**What you have to do**
Using the records below, repeat exactly the lines from the one holding "note: Subsystem1" through the one holding "Demux3/1 -> 三个矩阵的估计值/1", both ends included, and no others.

[Extracted records]

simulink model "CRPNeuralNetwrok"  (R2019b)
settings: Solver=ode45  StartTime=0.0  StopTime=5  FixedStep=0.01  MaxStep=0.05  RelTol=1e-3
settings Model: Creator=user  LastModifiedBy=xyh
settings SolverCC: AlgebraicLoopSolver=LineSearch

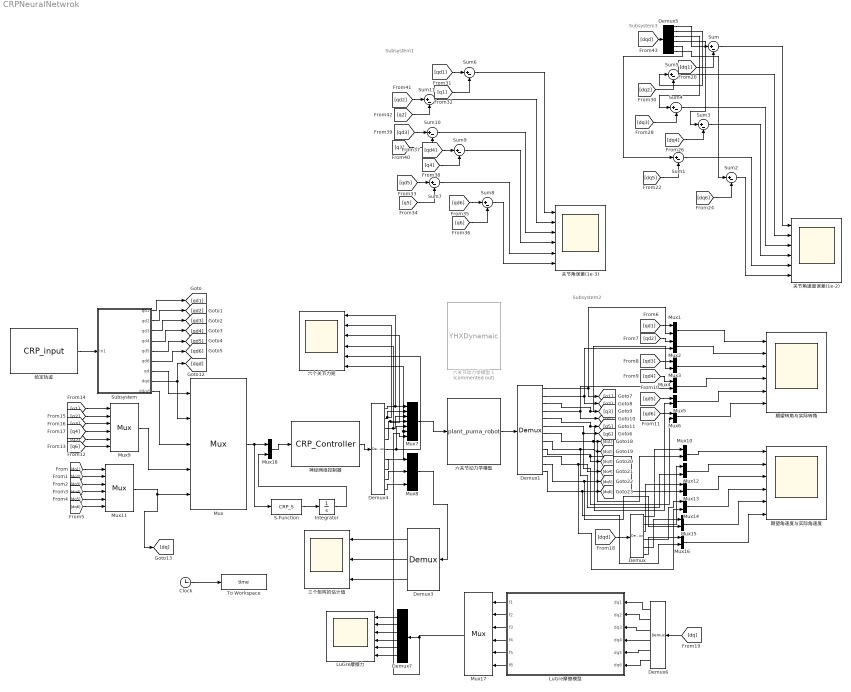
== system CRPNeuralNetwrok ==
  note: Subsystem1
  note: Subsystem3
  note: Subsystem2
  Clock : Clock
  Demux{,5..7} (4 alike) : Demux  Outputs=6
  Demux1 : Demux  Outputs=12
  Demux3 : Demux  Outputs=3
  Demux4 : Demux  Outputs=9
  Integrator : Integrator
  LuGre摩擦力 : Scope  NumInputPorts=6
  LuGre摩擦模型 : Subsystem
  Mux : Mux  Inputs=5
  Mux{1..6,10,12..16,18} (13 alike) : Mux  Inputs=2
  Mux11 : Mux  Inputs=6
  Mux17 : Mux  Inputs=6
  Mux7 : Mux  Inputs=7
  Mux8 : Mux  Inputs=3
  Mux9 : Mux  Inputs=6
  S-Function : S-Function  FunctionName=CRP_S  SFunctionDeploymentMode=off  EnableBusSupport=off
  Subsystem : Subsystem  TreatAsAtomicUnit=on
  Sum{,1..11} (12 alike) : Sum  Inputs=|+-
  To Workspace : ToWorkspace  VariableName=time  SaveFormat=Timeseries  SampleTime=-1
  三个矩阵的估计值 : Scope  NumInputPorts=3
  六个关节力矩 : Scope  NumInputPorts=6
  "六关节动力学模型 " : S-Function  FunctionName=plant_puma_robot  SFunctionDeploymentMode=off  EnableBusSupport=off
  六关节动力学模型 1 : S-Function  Commented=on  FunctionName=YHXDynamaic  SFunctionDeploymentMode=off  EnableBusSupport=off
  关节角误差(1e-3) : Scope  NumInputPorts=6
  关节角速度误差(1e-2) : Scope  NumInputPorts=6
  期望角速度与实际角速度 : Scope  NumInputPorts=6
  期望转角与实际转角 : Scope  NumInputPorts=6
  神经网络控制器 : S-Function  FunctionName=CRP_Controller  SFunctionDeploymentMode=off  EnableBusSupport=off
  给定轨迹 : S-Function  FunctionName=CRP_input  SFunctionDeploymentMode=off  EnableBusSupport=off
  wires:
  Mux7/1 -> "六关节动力学模型 "/1
  Clock/1 -> To Workspace/1
  [dq1] -> Mux11/1
  [dq4] -> Mux11/4
  [dq2] -> Mux11/2
  [dq3] -> Mux11/3
  [dq5] -> Mux11/5
  [dq6] -> Mux11/6
  Demux3/1 -> 三个矩阵的估计值/1
  Demux3/2 -> 三个矩阵的估计值/2
  Demux3/3 -> 三个矩阵的估计值/3
  神经网络控制器/1 -> Demux4/1
  Mux8/1 -> Demux3/1
  [q1] -> Mux9/1
  [q2] -> Mux9/2
  [q3] -> Mux9/3
  [q4] -> Mux9/4
  [q5] -> Mux9/5
  [q6] -> Mux9/6
  "六关节动力学模型 "/1 -> Demux1/1
  Demux4/3 -> 六个关节力矩/4, Mux7/3
  Demux4/1 -> 六个关节力矩/1, Mux7/1
  Demux4/2 -> 六个关节力矩/2, Mux7/2
  Demux4/4 -> 六个关节力矩/3, Mux7/4
  Demux4/5 -> 六个关节力矩/5, Mux7/5
  Demux4/6 -> 六个关节力矩/6, Mux7/6
  Demux4/7 -> Mux8/1
  Demux4/8 -> Mux8/2
  Demux4/9 -> Mux8/3
  Mux/1 -> S-Function/1, Mux18/1
  Mux11/1 -> [dq], Mux/5
  Mux9/1 -> Mux/4
  给定轨迹/1 -> Subsystem/1(In1)
  Subsystem/7(qd) -> Mux/1
  Subsystem/8(dqd) -> [dqd], Mux/2
  Subsystem/9(ddqd) -> Mux/3
  Subsystem/1(qd1) -> [qd1]
  Subsystem/2(qd2) -> [qd2]
  Subsystem/3(qd3) -> [qd3]
  Subsystem/4(qd4) -> [qd4]
  Subsystem/5(qd5) -> [qd5]
  Subsystem/6(qd6) -> [qd6]
  Sum6/1 -> 关节角误差(1e-3)/1
  Sum11/1 -> 关节角误差(1e-3)/2
  Sum10/1 -> 关节角误差(1e-3)/3
  Sum9/1 -> 关节角误差(1e-3)/4
  Sum7/1 -> 关节角误差(1e-3)/5
  Sum8/1 -> 关节角误差(1e-3)/6
  Mux1/1 -> 期望转角与实际转角/1
  Mux2/1 -> 期望转角与实际转角/2
  Mux3/1 -> 期望转角与实际转角/3
  Mux4/1 -> 期望转角与实际转角/4
  Mux5/1 -> 期望转角与实际转角/5
  Mux6/1 -> 期望转角与实际转角/6
  Mux10/1 -> 期望角速度与实际角速度/1
  Mux12/1 -> 期望角速度与实际角速度/2
  Mux13/1 -> 期望角速度与实际角速度/3
  Mux14/1 -> 期望角速度与实际角速度/4
  Mux15/1 -> 期望角速度与实际角速度/5
  Mux16/1 -> 期望角速度与实际角速度/6
  Demux/4 -> Mux14/1
  Demux1/12 -> Mux16/2, [dq6]
  Demux1/2 -> [q2], Mux2/2
  [qd2] -> Mux2/1
  Demux1/4 -> Mux4/2, [q4]
  [qd1] -> Mux1/1
  Demux/3 -> Mux13/1
  Demux1/1 -> [q1], Mux1/2
  Demux/6 -> Mux16/1
  Demux1/10 -> Mux14/2, [dq4]
  Demux/5 -> Mux15/1
  Demux/1 -> Mux10/1
  Demux1/9 -> Mux13/2, [dq3]
  [dqd] -> Demux/1
  [qd6] -> Mux6/1
  Demux1/7 -> Mux10/2, [dq1]
  [qd3] -> Mux3/1
  Demux1/11 -> [dq5], Mux15/2
  [qd4] -> Mux4/1
  [qd5] -> Mux5/1
  Demux1/5 -> Mux5/2, [q5]
  Demux/2 -> Mux12/1
  Demux1/6 -> Mux6/2, [q6]
  Demux1/8 -> Mux12/2, [dq2]
  Demux1/3 -> Mux3/2, [q3]
  Sum/1 -> 关节角速度误差(1e-2)/1
  Sum5/1 -> 关节角速度误差(1e-2)/2
  Sum4/1 -> 关节角速度误差(1e-2)/3
  Sum3/1 -> 关节角速度误差(1e-2)/4
  Sum1/1 -> 关节角速度误差(1e-2)/5
  Sum2/1 -> 关节角速度误差(1e-2)/6
  [dq2] -> Sum5/2
  Demux5/4 -> Sum3/1
  Demux5/5 -> Sum1/1
  Demux5/3 -> Sum4/1
  [dq5] -> Sum1/2
  Demux5/1 -> Sum/1
  [dq6] -> Sum2/2
  Demux5/6 -> Sum2/1
  Demux5/2 -> Sum5/1
  [dq3] -> Sum4/2
  [dq4] -> Sum3/2
  [dq1] -> Sum/2
  [q5] -> Sum7/2
  [qd1] -> Sum6/1
  [qd2] -> Sum11/1
  [q4] -> Sum9/2
  [qd3] -> Sum10/1
  [qd4] -> Sum9/1
  [q3] -> Sum10/2
  [qd5] -> Sum7/1
  [q6] -> Sum8/2
  [qd6] -> Sum8/1
  [q2] -> Sum11/2
  [q1] -> Sum6/2
  [dqd] -> Demux5/1
  LuGre摩擦模型/1(f1) -> Mux17/1
  LuGre摩擦模型/2(f2) -> Mux17/2
  LuGre摩擦模型/3(f3) -> Mux17/3
  LuGre摩擦模型/4(f4) -> Mux17/4
  LuGre摩擦模型/5(f5) -> Mux17/5
  LuGre摩擦模型/6(f6) -> Mux17/6
  [dq] -> Demux6/1
  Demux6/1 -> LuGre摩擦模型/1(dq1)
  Demux6/2 -> LuGre摩擦模型/2(dq2)
  Demux6/3 -> LuGre摩擦模型/3(dq3)
  Demux6/4 -> LuGre摩擦模型/4(dq4)
  Demux6/5 -> LuGre摩擦模型/5(dq5)
  Demux6/6 -> LuGre摩擦模型/6(dq6)
  Mux17/1 -> Mux7/7, Demux7/1
  Demux7/1 -> LuGre摩擦力/1
  Demux7/3 -> LuGre摩擦力/3
  Demux7/4 -> LuGre摩擦力/4
  Demux7/5 -> LuGre摩擦力/5
  Demux7/6 -> LuGre摩擦力/6
  Demux7/2 -> LuGre摩擦力/2
  S-Function/1 -> Integrator/1
  Mux18/1 -> 神经网络控制器/1
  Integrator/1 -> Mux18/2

**Exercise answer**
  note: Subsystem1
  note: Subsystem3
  note: Subsystem2
  Clock : Clock
  Demux{,5..7} (4 alike) : Demux  Outputs=6
  Demux1 : Demux  Outputs=12
  Demux3 : Demux  Outputs=3
  Demux4 : Demux  Outputs=9
  Integrator : Integrator
  LuGre摩擦力 : Scope  NumInputPorts=6
  LuGre摩擦模型 : Subsystem
  Mux : Mux  Inputs=5
  Mux{1..6,10,12..16,18} (13 alike) : Mux  Inputs=2
  Mux11 : Mux  Inputs=6
  Mux17 : Mux  Inputs=6
  Mux7 : Mux  Inputs=7
  Mux8 : Mux  Inputs=3
  Mux9 : Mux  Inputs=6
  S-Function : S-Function  FunctionName=CRP_S  SFunctionDeploymentMode=off  EnableBusSupport=off
  Subsystem : Subsystem  TreatAsAtomicUnit=on
  Sum{,1..11} (12 alike) : Sum  Inputs=|+-
  To Workspace : ToWorkspace  VariableName=time  SaveFormat=Timeseries  SampleTime=-1
  三个矩阵的估计值 : Scope  NumInputPorts=3
  六个关节力矩 : Scope  NumInputPorts=6
  "六关节动力学模型 " : S-Function  FunctionName=plant_puma_robot  SFunctionDeploymentMode=off  EnableBusSupport=off
  六关节动力学模型 1 : S-Function  Commented=on  FunctionName=YHXDynamaic  SFunctionDeploymentMode=off  EnableBusSupport=off
  关节角误差(1e-3) : Scope  NumInputPorts=6
  关节角速度误差(1e-2) : Scope  NumInputPorts=6
  期望角速度与实际角速度 : Scope  NumInputPorts=6
  期望转角与实际转角 : Scope  NumInputPorts=6
  神经网络控制器 : S-Function  FunctionName=CRP_Controller  SFunctionDeploymentMode=off  EnableBusSupport=off
  给定轨迹 : S-Function  FunctionName=CRP_input  SFunctionDeploymentMode=off  EnableBusSupport=off
  wires:
  Mux7/1 -> "六关节动力学模型 "/1
  Clock/1 -> To Workspace/1
  [dq1] -> Mux11/1
  [dq4] -> Mux11/4
  [dq2] -> Mux11/2
  [dq3] -> Mux11/3
  [dq5] -> Mux11/5
  [dq6] -> Mux11/6
  Demux3/1 -> 三个矩阵的估计值/1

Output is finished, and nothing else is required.